Rather than pass a new criminal law after the February, 2015, ruling, Parliament sat on its hands and then dissolved for the fall election campaign; the new Liberal government used this as a basis for seeking more time. Meanwhile, the new government did not even announce which MPs would be part on the parliamentary committee examining the issue until earlier this week. It seems foot dragging is a bipartisan sport.

The effect of the court's latest decision is to further delay access to medical aid in dying, something the justices themselves ruled last year was a fundamental Charter right. The innovation of suspended declarations of invalidity were originally meant to be used only in exceptional circumstances to avoid doing more harm than good by creating vacuums in law when striking down legislative provisions under the Charter.

In the context of assisted dying, however, a new criminal law is unnecessary. For one thing, the top court's 2015 decision articulated the baseline requirements for access. The law cannot deny assisted suicide to competent adults who clearly consent and who suffer from a grievous and irremediable medical condition causing intolerable suffering to the individual. Issues of consent are not new to the medical profession, and cases where consent is not clear are subject to other criminal law provisions, including homicide. More significantly, the matter is now largely one of medical consent that ought to be regulated at the provincial level under health care.

The irony is that Friday's decision granting the extension demonstrates both of these facts rather spectacularly, even as the justices seemed to miss them: In addition to the extension, a majority of the court provided Quebec with an exemption in light of Quebec's new legislation regulating medical aid in dying. So residents of Quebec have access to a right those in the rest of Canada do not, albeit temporarily, as individuals in other provinces must apply to a court for a personal exemption to seek access (which may or may not be granted).

Adding insult to injury, the majority of the top court cautions us that this exemption "should not be taken as expressing any view as to the validity" of Quebec's law. Got that? The suspension means – from a legal point of view – that old criminal law remains in place. Quebec's law should therefore be considered invalid, as it conflicts with the criminal law, except for the fact a Quebec court recently upheld the law because the Supreme Court had struck down the criminal law. The Supreme Court itself has not had its say on this, but by granting the exemption to Quebec, the court undermines the very basis for the suspended declaration and its extension, which are premised on the idea that a criminal law is necessary in the first place! Someone pass the salt for this pretzel.

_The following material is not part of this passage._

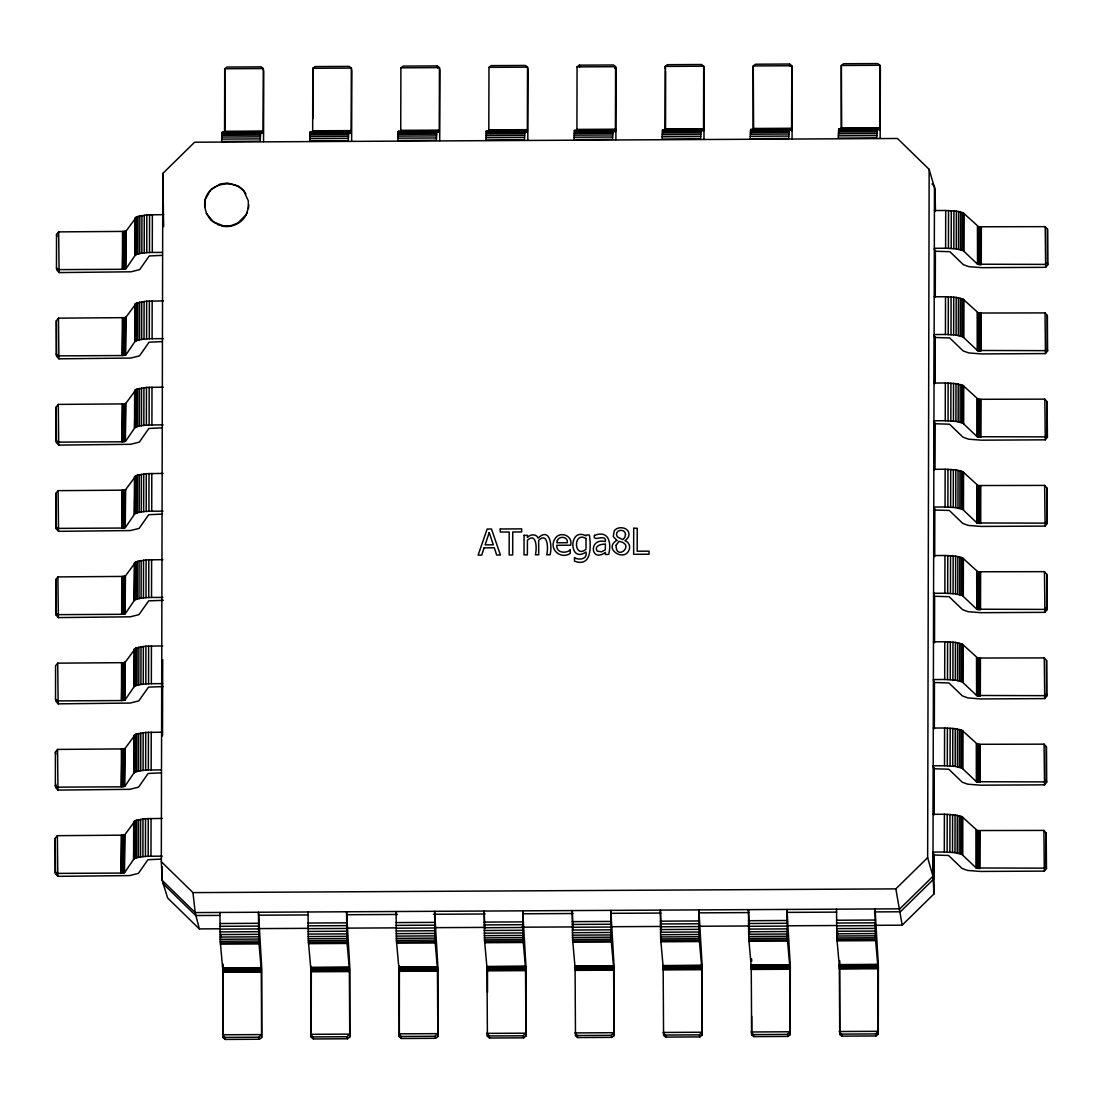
<?xml version="1.0" encoding="UTF-8"?>
<svg xmlns="http://www.w3.org/2000/svg" width="1103" height="1103" viewBox="0 0 1103 1103"><rect width="100%" height="100%" fill="white"/><g stroke="black" fill="none" stroke-linecap="round" stroke-linejoin="round"><path stroke-width="1.5" d="M161.162 859.113L147.926 859.72L138.385 873.383L129.74 875.575L57.783 876.347L55.508 873.755L55.15 871.715L55.219 838.294L57.356 835.674L123.426 835.164L124.901 834.654L135.324 820.563L145.527 818.688L162.348 818.426M161.355 772.858L148.119 773.465L138.578 787.142L129.92 789.321L57.976 790.093L55.688 787.501L55.343 785.46L55.412 752.039L57.535 749.42L123.619 748.909L125.08 748.399L135.517 734.308L145.72 732.433L162.541 732.171M163.161 686.604L148.533 687.1L138.771 700.888L130.113 703.066L58.156 703.852L55.881 701.246L55.522 699.205L55.591 665.785L57.728 663.165L123.812 662.655L125.273 662.145L135.697 648.054L145.913 646.179L162.72 645.917M163.341 600.349L148.712 600.845L138.95 614.633L130.292 616.811L58.349 617.597L56.074 614.991L55.715 612.951L55.784 579.53L57.907 576.91L123.991 576.414L125.452 575.89L135.89 561.813L146.092 559.924L162.913 559.662M161.92 514.108L148.684 514.715L139.143 528.378L130.485 530.557L58.528 531.343L56.253 528.737L55.895 526.696L55.977 493.275L58.101 490.656L124.184 490.159L125.645 489.635L136.069 475.558L146.285 473.683L163.092 473.408M162.1 427.854L148.864 428.46L139.323 442.124L130.664 444.302L58.721 445.088L56.446 442.482L56.088 440.442L56.156 407.021L58.28 404.401L124.363 403.905L125.839 403.381L136.262 389.304L146.465 387.429L163.285 387.153M162.293 341.599L149.057 342.206L139.516 355.869L130.857 358.048L58.9 358.833L56.625 356.241L56.267 354.187L56.35 320.766L58.473 318.147L124.556 317.65L126.018 317.126L136.441 303.049L146.658 301.174L163.465 300.898M162.472 255.344L149.236 255.951L139.695 269.615L131.05 271.793L59.093 272.579L56.818 269.987L56.46 267.946L56.529 234.512L58.666 231.892L124.749 231.396L126.211 230.885L136.634 216.795L146.837 214.92L163.658 214.644M55.508 873.755L55.219 838.294M55.688 787.501L55.701 784.164M56.074 614.991L55.784 579.53M56.253 528.737L55.977 493.275M56.446 442.482L56.156 407.021M56.625 356.241L56.35 320.766M57.356 835.674L57.783 876.347M57.535 749.42L57.976 790.093M57.728 663.165L58.156 703.852M57.907 576.91L58.349 617.597M58.101 490.656L58.528 531.343M58.28 404.401L58.721 445.088M58.473 318.147L58.9 358.833M58.666 231.892L59.093 272.579M55.15 871.715L57.273 873.397L121.137 873.066L121.206 835.329M55.343 785.46L57.453 787.156L121.316 786.811L121.399 749.075M55.522 699.205L57.646 700.901L121.509 700.557L121.592 662.82M55.715 612.951L57.825 614.647L121.688 614.302L121.771 576.566M55.895 526.696L58.018 528.392L121.882 528.047L121.964 490.311M56.088 440.442L58.211 442.138L122.061 441.793L122.143 404.056M56.267 354.187L58.39 355.883L122.254 355.538L122.336 317.816M56.46 267.946L58.583 269.628L122.447 269.297L122.516 231.561M121.137 873.066L121.799 835.316M121.316 786.811L121.992 749.061M121.509 700.557L122.185 662.806M121.688 614.302L122.364 576.552M121.882 528.047L122.557 490.297M122.061 441.793L122.736 404.056M122.254 355.538L122.929 317.802M122.447 269.297L123.109 231.547M121.73 873.052L122.378 835.288M121.909 786.797L122.571 749.034M122.102 700.543L122.764 662.779M122.281 614.288L122.943 576.524M122.474 528.034L123.136 490.27M122.654 441.779L123.315 404.015M122.847 355.538L123.508 317.761M123.04 269.284L123.688 231.506M122.295 873.024L122.929 835.233M122.488 786.77L123.109 748.978M122.681 700.515L123.302 662.724M122.86 614.261L123.481 576.469M123.053 528.006L123.674 490.228M123.233 441.751L123.867 403.974M123.426 355.497L124.046 317.719M123.619 269.242L124.239 231.465M122.847 872.969L123.426 835.164M123.026 786.715L123.619 748.909M123.219 700.46L123.812 662.655M123.412 614.206L123.991 576.414M123.591 527.951L124.184 490.159M123.784 441.71L124.363 403.905M123.963 355.456L124.556 317.65M124.156 269.201L124.749 231.396M123.357 872.9L123.867 835.081M123.536 786.646L124.06 748.827M123.729 700.391L124.239 662.586M123.908 614.15L124.432 576.331M124.101 527.896L124.625 490.077M124.281 441.641L124.804 403.822M124.474 355.387L124.997 317.567M124.667 269.132L125.177 231.313M123.784 872.818L124.253 834.985M123.977 786.563L124.432 748.744M124.156 700.322L124.625 662.489M124.349 614.068L124.818 576.235M124.542 527.813L124.997 489.98M124.722 441.558L125.19 403.726M124.915 355.304L125.37 317.471M125.094 269.049L125.563 231.216M124.17 872.721L124.556 834.888M124.349 786.48L124.736 748.634M124.542 700.226L124.929 662.379M124.736 613.971L125.108 576.124M124.915 527.717L125.301 489.87M125.108 441.462L125.494 403.615M125.287 355.207L125.673 317.361M125.48 268.953L125.866 231.12M124.474 872.625L124.901 834.654M124.653 786.37L125.08 748.399M124.846 700.115L125.273 662.145M125.025 613.861L125.452 575.89M125.218 527.606L125.645 489.635M125.411 441.352L125.839 403.381M125.59 355.097L126.018 317.126M125.783 268.856L126.211 230.885M124.68 872.501L133.615 859.402L133.697 821.666M124.873 786.26L133.808 773.148L133.89 735.411M125.053 700.005L133.987 686.893L134.07 649.157M125.246 613.751L134.18 600.652L134.263 562.916M125.425 527.496L134.359 514.398L134.442 476.661M125.618 441.241L134.552 428.143L134.635 390.407M125.811 354.987L134.745 341.889L134.814 304.152M125.99 268.732L134.924 255.634L135.007 217.898M133.615 859.402L134.304 821.101M133.808 773.148L134.497 734.846M133.987 686.893L134.676 648.592M134.18 600.652L134.869 562.351M134.359 514.398L135.049 476.096M134.552 428.143L135.242 389.842M134.745 341.889L135.421 303.587M134.924 255.634L135.614 217.332M134.221 858.837L135.242 858.299L135.324 820.563M134.414 772.583L135.435 772.045L135.517 734.308M134.594 686.328L135.614 685.79L135.697 648.054M134.787 600.087L135.807 599.536L135.89 561.813M134.966 513.833L135.986 513.295L136.069 475.558M135.159 427.578L136.179 427.04L136.262 389.304M135.352 341.323L136.358 340.786L136.441 303.049M135.531 255.069L136.551 254.531L136.634 216.795M135.242 858.299L136.662 857.803L136.744 820.067M135.435 772.045L136.855 771.548L136.937 733.812M135.614 685.79L137.034 685.294L137.117 647.558M135.807 599.536L137.227 599.039L137.31 561.303M135.986 513.295L137.42 512.785L137.489 475.048M136.179 427.04L137.599 426.544L137.682 388.808M136.358 340.786L137.792 340.289L137.875 302.553M136.551 254.531L137.972 254.035L138.054 216.298M136.662 857.803L138.44 857.362L138.523 819.626M136.855 771.548L138.62 771.107L138.702 733.371M137.034 685.294L138.813 684.853L138.895 647.116M137.227 599.039L139.006 598.598L139.088 560.862M137.42 512.785L139.185 512.343L139.268 474.607M137.599 426.544L139.378 426.089L139.461 388.353M137.792 340.289L139.557 339.834L139.64 302.098M137.972 254.035L139.75 253.58L139.833 215.843M138.44 857.362L140.536 856.976L140.619 819.239M138.62 771.107L140.715 770.721L140.798 732.985M138.813 684.853L140.908 684.467L140.991 646.73M139.006 598.598L141.087 598.212L141.17 560.476M139.185 512.343L141.281 511.957L141.363 474.221M139.378 426.089L141.474 425.703L141.542 387.966M139.557 339.834L141.653 339.448L141.736 301.712M139.75 253.58L141.846 253.194L141.929 215.471M140.536 856.976L142.894 856.659L142.976 818.922M140.715 770.721L143.073 770.404L143.156 732.668M140.908 684.467L143.266 684.15L143.349 646.413M141.087 598.212L143.459 597.895L143.528 560.159M141.281 511.957L143.638 511.64L143.721 473.918M141.474 425.703L143.831 425.4L143.914 387.663M141.653 339.448L144.01 339.145L144.093 301.409M141.846 253.194L144.203 252.89L144.286 215.154M142.894 856.659L145.444 856.424L145.527 818.688M143.073 770.404L145.637 770.17L145.72 732.433M143.266 684.15L145.83 683.915L145.913 646.179M143.459 597.895L146.01 597.661L146.092 559.924M143.638 511.64L146.203 511.42L146.285 473.683M143.831 425.4L146.382 425.165L146.465 387.429M144.01 339.145L146.575 338.911L146.658 301.174M144.203 252.89L146.754 252.656L146.837 214.92M145.444 856.424L148.174 856.273L148.257 818.536M145.637 770.17L148.353 770.018L148.436 732.295M145.83 683.915L148.547 683.777L148.629 646.041M146.01 597.661L148.726 597.523L148.808 559.786M146.203 511.42L148.919 511.268L149.002 473.532M146.382 425.165L149.112 425.013L149.181 387.277M146.575 338.911L149.291 338.759L149.374 301.022M146.754 252.656L149.484 252.504L149.567 214.768M148.174 856.273L150.973 856.218L151.056 818.481M148.353 770.018L151.152 769.963L151.235 732.227M148.547 683.777L151.345 683.708L151.428 645.972M148.726 597.523L151.525 597.454L151.607 559.717M148.919 511.268L151.718 511.199L151.8 473.463M149.112 425.013L151.911 424.958L151.993 387.222M149.291 338.759L152.09 338.704L152.173 300.967M149.484 252.504L152.283 252.449L152.366 214.713M219.993 928.795L199.312 928.905L167.642 897.994L162.21 880.415L161.314 861.705L162.803 173.461L194.611 142.218L897.47 138.482L929.153 169.393L934.972 189.247L935.468 210.838M162.238 866.655L162.21 880.415L195.176 912.581L199.312 928.905M162.527 735.866L162.692 659.635M163.63 226.653L162.803 173.461M204.662 202.869L204.731 206.978L205.31 199.257L210.728 189.744L220.186 183.994L227.576 183.029L238.193 186.159L243.763 190.943L248.313 200.815L248.368 208.564L248.699 204.91M261.673 1037.523L261.259 969.179L258.778 941.052L258.488 912.25L261.797 969.385L261.673 1037.523L259.398 1039.247L225.26 1039.426L223.137 1037.73L222.723 969.385L220.242 941.259L219.952 912.457M224.571 132.898L224.722 68.744L227.011 67.035L261.149 66.856L263.259 68.551L263.769 71.488L263.548 141.611M223.137 1037.73L223.178 964.16M225.109 132.539L224.722 68.744L263.259 68.551L263.079 133.491L260.722 132.043L222.186 132.25L221.648 141.432L260.198 141.225L260.722 132.043M349.761 1037.054L349.348 968.71L346.866 940.583L346.576 911.781L349.885 968.917L349.761 1037.054L347.473 1038.778L313.349 1038.957L311.225 1037.261L310.812 968.917L308.33 940.79L308.04 911.988M312.659 131.933L312.811 68.276L315.1 66.566L349.224 66.387L351.347 68.083L351.857 71.019L351.636 141.143M311.225 1037.261L311.308 966.352M313.224 118.559L312.811 68.276L351.347 68.083L351.085 133.67L348.81 131.574L310.274 131.781L309.736 140.963L348.272 140.757L348.81 131.574M437.85 1036.586L437.436 968.241L434.954 940.114L434.651 911.312L437.96 968.448L437.85 1036.586L435.561 1038.309L401.437 1038.488L399.314 1036.792L398.9 968.448L396.404 940.321L396.115 911.519L396.639 914.47M400.734 131.96L400.899 67.807L403.174 66.097L437.312 65.918L439.435 67.614L439.945 70.551L439.725 140.674M399.314 1036.792L399.396 965.883M436.898 131.105L436.361 140.288L397.825 140.495L398.362 131.312L436.898 131.105L439.256 132.553L439.435 67.614L400.899 67.807M525.938 1036.117L525.524 967.772L523.029 939.646L522.739 910.844L526.048 967.979L525.938 1036.117L523.649 1037.84L489.511 1038.02L487.402 1036.324L486.988 967.979L484.493 939.853L484.203 911.05L484.769 928.823M488.808 131.919L488.974 67.338L491.262 65.629L525.4 65.449L527.524 67.145L528.034 70.096L527.813 140.205M487.402 1036.324L487.402 1032.946M487.498 992.383L487.512 968.186M524.987 130.637L524.449 139.819L485.913 140.026L486.451 130.843L524.987 130.637L527.331 132.084L527.524 67.145L488.974 67.338M614.026 1035.662L613.613 967.303L611.117 939.177L610.828 910.375L614.137 967.51L614.026 1035.662L611.738 1037.371L577.6 1037.551L575.476 1035.855L575.077 967.51L572.581 939.384L572.292 910.582L572.884 928.96M576.924 130.526L577.062 66.883L579.351 65.16L613.489 64.98L615.598 66.676L616.122 69.627L615.888 139.736M613.061 130.168L612.537 139.35L574.001 139.557L574.525 130.375L613.061 130.168L615.419 131.615L615.598 66.676L577.062 66.883M702.101 1035.193L701.687 966.835L699.205 938.708L698.916 909.906L702.225 967.041L702.101 1035.193L699.826 1036.903L665.688 1037.082L663.565 1035.386L663.151 967.041L660.669 938.915L660.38 910.113L661.29 931.883M664.999 130.554L665.15 66.414L667.439 64.691L701.563 64.512L703.686 66.208L704.197 69.158L703.976 139.268M665.536 130.195L665.66 71.047M701.15 129.699L700.612 138.881L662.076 139.088L662.613 129.906L701.15 129.699L703.507 131.147L703.686 66.208L665.15 66.414L665.66 69.351M790.189 1034.724L789.776 966.366L787.294 938.239L787.004 909.437L790.313 966.573L790.189 1034.724L787.9 1036.434L753.776 1036.613L751.653 1034.917L751.24 966.573L748.758 938.446L748.468 909.644L749.53 933.11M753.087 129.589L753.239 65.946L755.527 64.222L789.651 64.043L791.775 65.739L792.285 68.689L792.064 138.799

The court added even more fuel to this fire by granting the federal government only four additional months, based on the time period Parliament was shut down for the election. Yet the government's claim is that assisted dying legislation is inherently complex and that it requires both a "comprehensive" regime and one where all of the provinces buy in. While federal-provincial co-operation to develop a new comprehensive regime might conceivably happen in this short of time span, it certainly rings hollow for the Court to accept the premise of complexity but then provide so little time.

There is one more irony worth pointing out: Had the court not suspended the effects of its 2015 decision in the first place, we almost certainly would already have a new criminal law in place by now. The previous Conservative government would not have sat idly by in the face of a complete absence of criminal law on this issue, and most likely would have enacted a new criminal law as narrowly as possible, in conformity with the baseline laid out by the court. The court clearly needs to reconsider its use of suspended declarations.

In the meantime, the court has produced one of its most questionable decisions in recent history, managing to misunderstand the policy implications of its original decision, disregard – indeed, get backward – the role of the provinces and the division of powers itself in the context of assisted dying regulation, and, most disconcertingly, paying nothing more than lip service to the rights at stake.